Experimental Characterization and Theoretical Modeling of Methane Production by H2O/CO2 Co-Electrolysis in a Tubular Solid Oxide Electrolysis Cell

Abstract

Methane production by H2O/CO2 co-electrolysis in solid oxide electrolysis cells (SOECs) is a promising method to store unstable renewable power and to reduce CO2 emission. In this paper, the CH4 synthesis characteristics in tubular SOECs (TSOECs) is studied by experiments and numerical simulation in the temperature range of 550–650°C. The experimental results show that the addition of H2 into the cathode inlet gas flow and the increase of electrolysis current could significantly promote CH4 production rate.
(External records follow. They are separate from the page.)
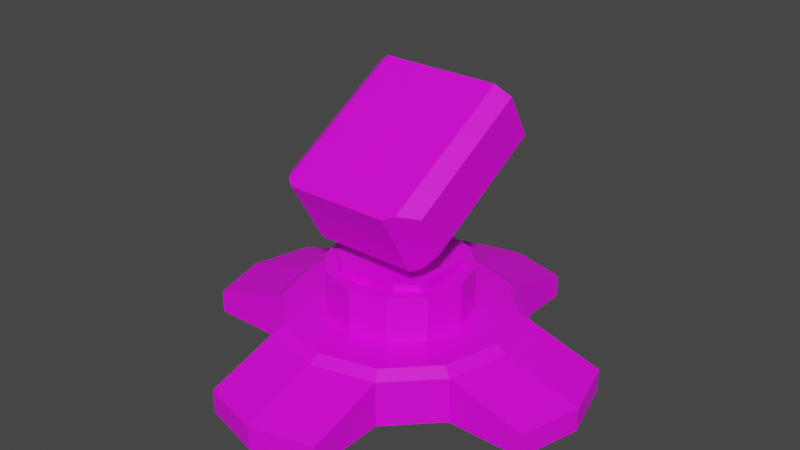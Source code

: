 # Source: SamSite.blend  (saved by Blender 2.91.10; exported with 4.5.12 LTS)
import bpy
from mathutils import Matrix  # noqa: F401  (used for matrix-valued properties, if any)

bpy.ops.wm.read_factory_settings(use_empty=True)
scene = bpy.context.scene
scene.name = 'Scene'

# ---- collections
col_collection = bpy.data.collections.new('Collection'); scene.collection.children.link(col_collection)

# ---- images (referenced by path relative to the original .blend; pixels are not part of the script)
import os
ASSET_DIR = os.environ.get("B2B_ASSET_DIR", "")  # directory of the original .blend (textures are referenced by path, not embedded)
HERE = os.path.dirname(os.path.abspath(__file__))  # packed textures are extracted next to this script under _unpacked/

def load_image(name, relpath, width, height, colorspace="sRGB"):
    """Load a texture the original file referenced (path relative to the .blend, or extracted next to this script)."""
    p = next((c for c in (os.path.join(HERE, relpath), os.path.join(ASSET_DIR, relpath)) if relpath and os.path.exists(c)), "")
    if p:
        img = bpy.data.images.load(p, check_existing=True)
        img.name = name
    else:  # same state as the original file: an image datablock whose file is absent (Cycles renders it pink)
        img = bpy.data.images.new(name, width, height)
        img.source = "FILE"
        img.filepath = "//" + (relpath or name)
    img.colorspace_settings.name = colorspace
    return img
img_green_team_png = load_image('green_team.png', 'green_team.png', 1024, 1024, 'sRGB')

# ---- materials (node trees are filled in below, after node groups)
mat_material_001 = bpy.data.materials.new('Material.001')
mat_material_001.use_transparent_shadow = False

# ---- material node trees
mat_material_001.use_nodes = True; mat_material_001.node_tree.nodes.clear()
_N = mat_material_001.node_tree.nodes; _L = mat_material_001.node_tree.links
n0 = _N.new('ShaderNodeBsdfPrincipled'); n0.name = 'Principled BSDF'; n0.location = (10, 300)
n0.distribution = 'GGX'
n0.subsurface_method = 'BURLEY'
n0.inputs[3].default_value = 1.45
n0.inputs[27].default_value = (0.0, 0.0, 0.0, 1.0)
n0.inputs[28].default_value = 1.0
n1 = _N.new('ShaderNodeOutputMaterial'); n1.name = 'Material Output'; n1.location = (300, 300)
n2 = _N.new('ShaderNodeTexImage'); n2.name = 'Image Texture'; n2.location = (-180, 280)
n2.image = img_green_team_png
_L.new(n0.outputs[0], n1.inputs[0])
_L.new(n2.outputs[0], n0.inputs[0])
n1.is_active_output = True

# ---- world
world_world = bpy.data.worlds.new('World'); scene.world = world_world
world_world.use_nodes = True; world_world.node_tree.nodes.clear()
_N = world_world.node_tree.nodes; _L = world_world.node_tree.links
n0 = _N.new('ShaderNodeOutputWorld'); n0.name = 'World Output'; n0.location = (300, 300)
n1 = _N.new('ShaderNodeBackground'); n1.name = 'Background'; n1.location = (10, 300)
n1.inputs[0].default_value = (0.05088, 0.05088, 0.05088, 1.0)
_L.new(n1.outputs[0], n0.inputs[0])
n0.is_active_output = True
world_world.color = (0.05088, 0.05088, 0.05088)
world_world.use_sun_shadow = False
world_world.sun_shadow_jitter_overblur = 0.0

# ---- meshes
me_cylinder = bpy.data.meshes.new('Cylinder')
me_cylinder.from_pydata([(-5.685e-13, 1.0, -0.03159), (6.259e-08, 0.5788, 0.3994), (0.5, 0.866, -0.03159), (0.2894, 0.5013, 0.3994), (0.866, 0.5, -0.03159), (0.5013, 0.2894, 0.3994), (1.0, -4.371e-08, -0.03159), (0.5788, -4.887e-08, 0.3994), (0.866, -0.5, -0.03159), (0.5013, -0.2894, 0.3994), (0.5, -0.866, -0.03159), (0.2894, -0.5013, 0.3994), (1.51e-07, -1.0, -0.03159), (1.045e-07, -0.5788, 0.3994), (-0.5, -0.866, -0.03159), (-0.2894, -0.5013, 0.3994), (-0.866, -0.5, -0.03159), (-0.5013, -0.2894, 0.3994), (-1.0, -4.649e-07, -0.03159), (-0.5788, -2.429e-07, 0.3994), (-0.866, 0.5, -0.03159), (-0.5013, 0.2894, 0.3994), (-0.5, 0.866, -0.03159), (-0.2894, 0.5013, 0.3994), (-5.923e-08, 1.617, -0.03159), (0.5, 1.483, -0.03159), (0.5, 1.483, 0.1592), (-5.923e-08, 1.617, 0.1592), (1.483, 0.5, 0.1592), (1.483, 0.5, -0.03159), (1.617, -5.116e-08, -0.03159), (1.617, -5.116e-08, 0.1592), (1.483, -0.5, -0.03159), (1.483, -0.5, 0.1592), (0.5, -1.483, 0.1592), (0.5, -1.483, -0.03159), (2.197e-07, -1.617, -0.03159), (2.197e-07, -1.617, 0.1592), (-0.5, -1.483, -0.03159), (-0.5, -1.483, 0.1592), (-1.483, -0.5, 0.1592), (-1.483, -0.5, -0.03159), (-1.617, -7.528e-07, -0.03159), (-1.617, -7.528e-07, 0.1592), (-1.483, 0.5, -0.03159), (-1.483, 0.5, 0.1592), (-0.5, 1.483, 0.1592), (-0.5, 1.483, -0.03159), (0.5, 0.866, 0.3405), (0.0, 1.0, 0.3405), (0.866, 0.5, 0.3405), (1.0, -4.371e-08, 0.3405), (0.866, -0.5, 0.3405), (0.5, -0.866, 0.3405), (1.51e-07, -1.0, 0.3405), (-0.5, -0.866, 0.3405), (-0.866, -0.5, 0.3405), (-1.0, -4.649e-07, 0.3405), (-0.866, 0.5, 0.3405), (-0.5, 0.866, 0.3405), (0.4567, 0.791, 0.3994), (1.098e-08, 0.9134, 0.3994), (0.791, 0.4567, 0.3994), (0.9134, -4.371e-08, 0.3994), (0.791, -0.4567, 0.3994), (0.4567, -0.791, 0.3994), (1.406e-07, -0.9134, 0.3994), (-0.4567, -0.791, 0.3994), (-0.791, -0.4567, 0.3994), (-0.9134, -4.235e-07, 0.3994), (-0.791, 0.4567, 0.3994), (-0.4567, 0.791, 0.3994), (0.2369, 0.4104, 0.7674), (6.855e-08, 0.4739, 0.7674), (0.4104, 0.2369, 0.7674), (0.4739, -3.754e-08, 0.7674), (0.4104, -0.2369, 0.7674), (0.2369, -0.4104, 0.7674), (9.424e-08, -0.4739, 0.7674), (-0.2369, -0.4104, 0.7674), (-0.4104, -0.2369, 0.7674), (-0.4739, -1.927e-07, 0.7674), (-0.4104, 0.2369, 0.7674), (-0.2369, 0.4104, 0.7674), (0.2894, 0.5013, 0.7674), (6.531e-08, 0.5788, 0.7674), (0.5013, 0.2894, 0.7674), (0.5788, -4.887e-08, 0.7674), (0.5013, -0.2894, 0.7674), (0.2894, -0.5013, 0.7674), (1.072e-07, -0.5788, 0.7674), (-0.2894, -0.5013, 0.7674), (-0.5013, -0.2894, 0.7674), (-0.5788, -2.429e-07, 0.7674), (-0.5013, 0.2894, 0.7674), (-0.2894, 0.5013, 0.7674), (0.2369, 0.4104, 0.7081), (6.987e-08, 0.4739, 0.7081), (0.4104, 0.2369, 0.7081), (0.4739, -3.754e-08, 0.7081), (0.4104, -0.2369, 0.7081), (0.2369, -0.4104, 0.7081), (9.555e-08, -0.4739, 0.7081), (-0.2369, -0.4104, 0.7081), (-0.4104, -0.2369, 0.7081), (-0.4739, -1.927e-07, 0.7081), (-0.4104, 0.2369, 0.7081), (-0.2369, 0.4104, 0.7081)], [], [(53, 54, 37, 34), (2, 48, 50, 4), (16, 56, 40, 41), (12, 10, 35, 36), (8, 52, 53, 10), (49, 48, 26, 27), (50, 51, 31, 28), (14, 55, 56, 16), (58, 20, 44, 45), (10, 53, 34, 35), (13, 11, 89, 90), (20, 58, 59, 22), (2, 0, 24, 25), (0, 2, 4, 6, 8, 10, 12, 14, 16, 18, 20, 22), (24, 27, 26, 25), (29, 28, 31, 30), (30, 31, 33, 32), (35, 34, 37, 36), (36, 37, 39, 38), (41, 40, 43, 42), (42, 43, 45, 44), (47, 46, 27, 24), (8, 6, 30, 32), (18, 16, 41, 42), (48, 2, 25, 26), (22, 59, 46, 47), (51, 52, 33, 31), (56, 57, 43, 40), (14, 12, 36, 38), (0, 22, 47, 24), (52, 8, 32, 33), (54, 55, 39, 37), (59, 49, 27, 46), (20, 18, 42, 44), (4, 50, 28, 29), (55, 14, 38, 39), (57, 58, 45, 43), (6, 4, 29, 30), (61, 60, 48, 49), (60, 62, 50, 48), (62, 63, 51, 50), (63, 64, 52, 51), (64, 65, 53, 52), (65, 66, 54, 53), (66, 67, 55, 54), (67, 68, 56, 55), (68, 69, 57, 56), (69, 70, 58, 57), (70, 71, 59, 58), (71, 61, 49, 59), (1, 3, 60, 61), (3, 5, 62, 60), (5, 7, 63, 62), (7, 9, 64, 63), (9, 11, 65, 64), (11, 13, 66, 65), (13, 15, 67, 66), (15, 17, 68, 67), (17, 19, 69, 68), (19, 21, 70, 69), (21, 23, 71, 70), (23, 1, 61, 71), (74, 72, 96, 98), (7, 5, 86, 87), (21, 19, 93, 94), (15, 13, 90, 91), (9, 7, 87, 88), (23, 21, 94, 95), (3, 1, 85, 84), (17, 15, 91, 92), (11, 9, 88, 89), (1, 23, 95, 85), (5, 3, 84, 86), (19, 17, 92, 93), (73, 72, 84, 85), (72, 74, 86, 84), (74, 75, 87, 86), (75, 76, 88, 87), (76, 77, 89, 88), (77, 78, 90, 89), (78, 79, 91, 90), (79, 80, 92, 91), (80, 81, 93, 92), (81, 82, 94, 93), (82, 83, 95, 94), (83, 73, 85, 95), (96, 97, 107, 106, 105, 104, 103, 102, 101, 100, 99, 98), (81, 80, 104, 105), (78, 77, 101, 102), (75, 74, 98, 99), (82, 81, 105, 106), (79, 78, 102, 103), (76, 75, 99, 100), (83, 82, 106, 107), (72, 73, 97, 96), (80, 79, 103, 104), (77, 76, 100, 101), (73, 83, 107, 97)])
_uv = me_cylinder.uv_layers.new(name='UVMap')
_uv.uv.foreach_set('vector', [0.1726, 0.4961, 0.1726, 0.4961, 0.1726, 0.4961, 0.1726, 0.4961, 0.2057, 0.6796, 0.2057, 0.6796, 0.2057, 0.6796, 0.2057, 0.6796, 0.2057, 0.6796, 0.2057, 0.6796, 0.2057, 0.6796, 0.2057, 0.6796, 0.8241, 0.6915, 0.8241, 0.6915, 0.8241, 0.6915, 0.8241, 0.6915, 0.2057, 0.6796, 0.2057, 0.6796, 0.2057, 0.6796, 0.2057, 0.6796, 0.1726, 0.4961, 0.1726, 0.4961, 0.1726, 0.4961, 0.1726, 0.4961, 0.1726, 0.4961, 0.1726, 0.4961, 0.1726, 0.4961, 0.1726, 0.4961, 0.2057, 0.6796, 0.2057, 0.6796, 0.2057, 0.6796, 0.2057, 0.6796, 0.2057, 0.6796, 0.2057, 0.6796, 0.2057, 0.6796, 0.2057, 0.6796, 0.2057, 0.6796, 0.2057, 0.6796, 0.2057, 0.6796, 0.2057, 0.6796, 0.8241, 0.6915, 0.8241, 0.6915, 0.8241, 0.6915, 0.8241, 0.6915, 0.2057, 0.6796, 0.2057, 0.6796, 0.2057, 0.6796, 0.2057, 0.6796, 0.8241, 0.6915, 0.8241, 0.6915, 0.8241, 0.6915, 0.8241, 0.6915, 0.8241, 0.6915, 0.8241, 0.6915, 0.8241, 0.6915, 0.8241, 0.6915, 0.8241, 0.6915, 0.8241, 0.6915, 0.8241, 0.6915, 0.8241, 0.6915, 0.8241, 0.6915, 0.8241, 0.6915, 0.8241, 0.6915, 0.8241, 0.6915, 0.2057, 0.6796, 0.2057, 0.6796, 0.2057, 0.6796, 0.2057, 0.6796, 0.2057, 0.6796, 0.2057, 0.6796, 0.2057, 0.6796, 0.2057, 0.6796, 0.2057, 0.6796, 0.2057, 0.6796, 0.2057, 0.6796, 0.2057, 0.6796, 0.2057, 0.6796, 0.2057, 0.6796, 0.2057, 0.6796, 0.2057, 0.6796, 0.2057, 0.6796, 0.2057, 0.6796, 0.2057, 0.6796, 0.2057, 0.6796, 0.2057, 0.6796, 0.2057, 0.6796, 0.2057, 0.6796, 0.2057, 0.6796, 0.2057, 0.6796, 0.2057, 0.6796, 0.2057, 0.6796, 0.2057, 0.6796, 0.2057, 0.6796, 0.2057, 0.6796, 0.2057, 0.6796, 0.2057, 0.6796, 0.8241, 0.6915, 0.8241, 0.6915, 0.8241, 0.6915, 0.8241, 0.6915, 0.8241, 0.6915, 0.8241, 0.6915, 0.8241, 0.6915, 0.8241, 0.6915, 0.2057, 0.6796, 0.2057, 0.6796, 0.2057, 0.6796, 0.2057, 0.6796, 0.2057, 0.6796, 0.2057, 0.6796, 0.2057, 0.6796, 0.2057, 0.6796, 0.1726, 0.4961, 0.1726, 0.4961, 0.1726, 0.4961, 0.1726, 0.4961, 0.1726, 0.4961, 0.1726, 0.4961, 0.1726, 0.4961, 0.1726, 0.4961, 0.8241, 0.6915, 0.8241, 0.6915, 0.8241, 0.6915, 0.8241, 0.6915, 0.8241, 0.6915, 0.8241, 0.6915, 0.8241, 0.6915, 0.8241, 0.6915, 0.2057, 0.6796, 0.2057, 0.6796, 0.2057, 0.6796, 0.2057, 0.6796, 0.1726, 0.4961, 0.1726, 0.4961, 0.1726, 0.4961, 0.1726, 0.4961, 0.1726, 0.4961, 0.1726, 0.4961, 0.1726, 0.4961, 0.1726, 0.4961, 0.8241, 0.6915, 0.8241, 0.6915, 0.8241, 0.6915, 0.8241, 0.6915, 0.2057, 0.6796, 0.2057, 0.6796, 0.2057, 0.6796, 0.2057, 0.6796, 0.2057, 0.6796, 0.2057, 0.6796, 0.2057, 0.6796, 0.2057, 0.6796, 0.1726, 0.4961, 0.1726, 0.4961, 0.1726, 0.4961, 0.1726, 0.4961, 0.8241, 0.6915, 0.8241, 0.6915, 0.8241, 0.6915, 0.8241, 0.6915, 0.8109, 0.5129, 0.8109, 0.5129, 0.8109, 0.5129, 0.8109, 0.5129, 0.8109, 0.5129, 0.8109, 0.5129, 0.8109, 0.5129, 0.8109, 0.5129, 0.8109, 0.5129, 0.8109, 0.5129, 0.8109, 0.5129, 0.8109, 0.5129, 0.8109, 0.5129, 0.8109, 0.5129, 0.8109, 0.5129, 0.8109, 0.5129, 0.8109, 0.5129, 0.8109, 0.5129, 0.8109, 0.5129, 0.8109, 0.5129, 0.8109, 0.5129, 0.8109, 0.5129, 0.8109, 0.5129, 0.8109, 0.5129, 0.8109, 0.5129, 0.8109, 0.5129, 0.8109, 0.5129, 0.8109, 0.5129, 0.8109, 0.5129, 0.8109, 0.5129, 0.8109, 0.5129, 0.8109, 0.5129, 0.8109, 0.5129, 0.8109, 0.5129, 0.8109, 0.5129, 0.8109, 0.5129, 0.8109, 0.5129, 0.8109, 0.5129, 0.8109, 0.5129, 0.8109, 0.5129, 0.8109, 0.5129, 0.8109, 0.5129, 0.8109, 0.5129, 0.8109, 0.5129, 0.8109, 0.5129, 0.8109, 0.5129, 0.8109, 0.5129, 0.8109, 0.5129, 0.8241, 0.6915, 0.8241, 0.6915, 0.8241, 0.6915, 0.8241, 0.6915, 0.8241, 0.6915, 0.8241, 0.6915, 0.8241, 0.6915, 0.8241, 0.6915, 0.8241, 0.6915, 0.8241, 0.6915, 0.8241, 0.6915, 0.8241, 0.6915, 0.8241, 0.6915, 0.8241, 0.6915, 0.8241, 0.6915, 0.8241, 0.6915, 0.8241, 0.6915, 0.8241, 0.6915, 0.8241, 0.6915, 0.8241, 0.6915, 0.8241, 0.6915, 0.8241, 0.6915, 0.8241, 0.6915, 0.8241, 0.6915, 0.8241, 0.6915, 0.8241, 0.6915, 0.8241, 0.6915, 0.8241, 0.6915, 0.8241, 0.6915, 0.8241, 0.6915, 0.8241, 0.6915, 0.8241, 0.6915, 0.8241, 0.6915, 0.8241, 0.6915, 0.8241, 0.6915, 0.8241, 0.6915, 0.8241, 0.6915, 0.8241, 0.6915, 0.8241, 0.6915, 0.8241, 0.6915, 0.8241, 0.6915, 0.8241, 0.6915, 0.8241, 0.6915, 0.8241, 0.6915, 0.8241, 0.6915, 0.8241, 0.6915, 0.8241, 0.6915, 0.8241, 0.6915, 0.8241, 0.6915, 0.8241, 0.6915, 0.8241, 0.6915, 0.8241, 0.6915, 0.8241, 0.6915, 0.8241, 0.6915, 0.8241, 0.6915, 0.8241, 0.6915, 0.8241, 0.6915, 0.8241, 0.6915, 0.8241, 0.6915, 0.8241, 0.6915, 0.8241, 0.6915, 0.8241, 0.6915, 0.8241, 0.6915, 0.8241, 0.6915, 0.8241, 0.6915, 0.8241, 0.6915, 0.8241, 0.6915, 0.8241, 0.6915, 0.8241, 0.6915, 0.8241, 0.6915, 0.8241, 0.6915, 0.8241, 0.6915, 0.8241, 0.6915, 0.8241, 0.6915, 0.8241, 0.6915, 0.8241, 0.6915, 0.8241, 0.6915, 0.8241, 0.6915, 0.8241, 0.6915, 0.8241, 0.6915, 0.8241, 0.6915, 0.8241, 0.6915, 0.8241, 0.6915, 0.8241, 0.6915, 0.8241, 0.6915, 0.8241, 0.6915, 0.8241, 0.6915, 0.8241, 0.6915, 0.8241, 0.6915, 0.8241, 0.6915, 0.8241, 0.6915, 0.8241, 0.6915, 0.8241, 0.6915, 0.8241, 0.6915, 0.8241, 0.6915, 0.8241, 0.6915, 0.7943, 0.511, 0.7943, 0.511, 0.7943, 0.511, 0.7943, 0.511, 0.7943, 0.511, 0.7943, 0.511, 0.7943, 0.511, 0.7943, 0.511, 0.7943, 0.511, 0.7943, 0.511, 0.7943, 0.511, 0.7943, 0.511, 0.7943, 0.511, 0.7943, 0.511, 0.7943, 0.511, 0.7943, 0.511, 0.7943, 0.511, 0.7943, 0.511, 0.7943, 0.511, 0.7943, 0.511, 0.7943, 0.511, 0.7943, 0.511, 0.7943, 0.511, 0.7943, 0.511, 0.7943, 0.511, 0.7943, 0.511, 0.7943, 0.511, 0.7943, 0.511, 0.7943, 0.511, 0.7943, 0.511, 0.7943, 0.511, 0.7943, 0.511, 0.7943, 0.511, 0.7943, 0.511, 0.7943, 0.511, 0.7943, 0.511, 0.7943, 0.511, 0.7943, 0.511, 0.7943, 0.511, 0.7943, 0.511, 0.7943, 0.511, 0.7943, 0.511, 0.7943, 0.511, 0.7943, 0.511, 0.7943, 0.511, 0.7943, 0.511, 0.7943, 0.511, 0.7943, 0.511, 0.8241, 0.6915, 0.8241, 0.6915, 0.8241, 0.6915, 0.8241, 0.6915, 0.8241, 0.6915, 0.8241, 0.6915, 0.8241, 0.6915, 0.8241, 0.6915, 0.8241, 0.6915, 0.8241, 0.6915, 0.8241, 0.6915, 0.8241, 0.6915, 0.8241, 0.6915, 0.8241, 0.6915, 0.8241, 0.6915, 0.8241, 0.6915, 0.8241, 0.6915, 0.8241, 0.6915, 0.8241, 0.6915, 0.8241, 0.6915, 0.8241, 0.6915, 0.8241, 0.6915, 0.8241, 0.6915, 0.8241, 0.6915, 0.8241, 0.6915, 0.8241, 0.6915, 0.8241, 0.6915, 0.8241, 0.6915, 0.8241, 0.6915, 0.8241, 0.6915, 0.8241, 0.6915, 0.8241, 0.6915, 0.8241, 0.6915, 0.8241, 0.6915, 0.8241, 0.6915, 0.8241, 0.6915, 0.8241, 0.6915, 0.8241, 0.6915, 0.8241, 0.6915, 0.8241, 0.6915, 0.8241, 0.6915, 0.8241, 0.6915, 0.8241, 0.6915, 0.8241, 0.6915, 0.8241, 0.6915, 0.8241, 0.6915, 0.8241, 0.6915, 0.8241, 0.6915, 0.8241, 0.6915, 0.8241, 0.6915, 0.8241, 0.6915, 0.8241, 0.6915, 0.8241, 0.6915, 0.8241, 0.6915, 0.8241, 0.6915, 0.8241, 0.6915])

In the case of the experiments without H2, the CH4 production ratio increased by less than 0.04% when the operating voltage varied from OCV to 1.5 V. After feeding the H2 into the cathode atmosphere, the CH4 production ratio increases by 3–4%. A CH4 yield of 9.94% and a CH4 production ratio of 12.34% were achieved at 550°C with 20% H2 fed into cathode and an applied voltage of 1.5 V. Finally, a theoretical model is developed by considering the chemical/electrochemical reaction and transport processes, and the thermal distribution and optimal operating condition of the TSOEC are studied. An designed thermal distribution in counter-flow mode with lower inlet steam partial pressure could dramatically improve the CH4 production.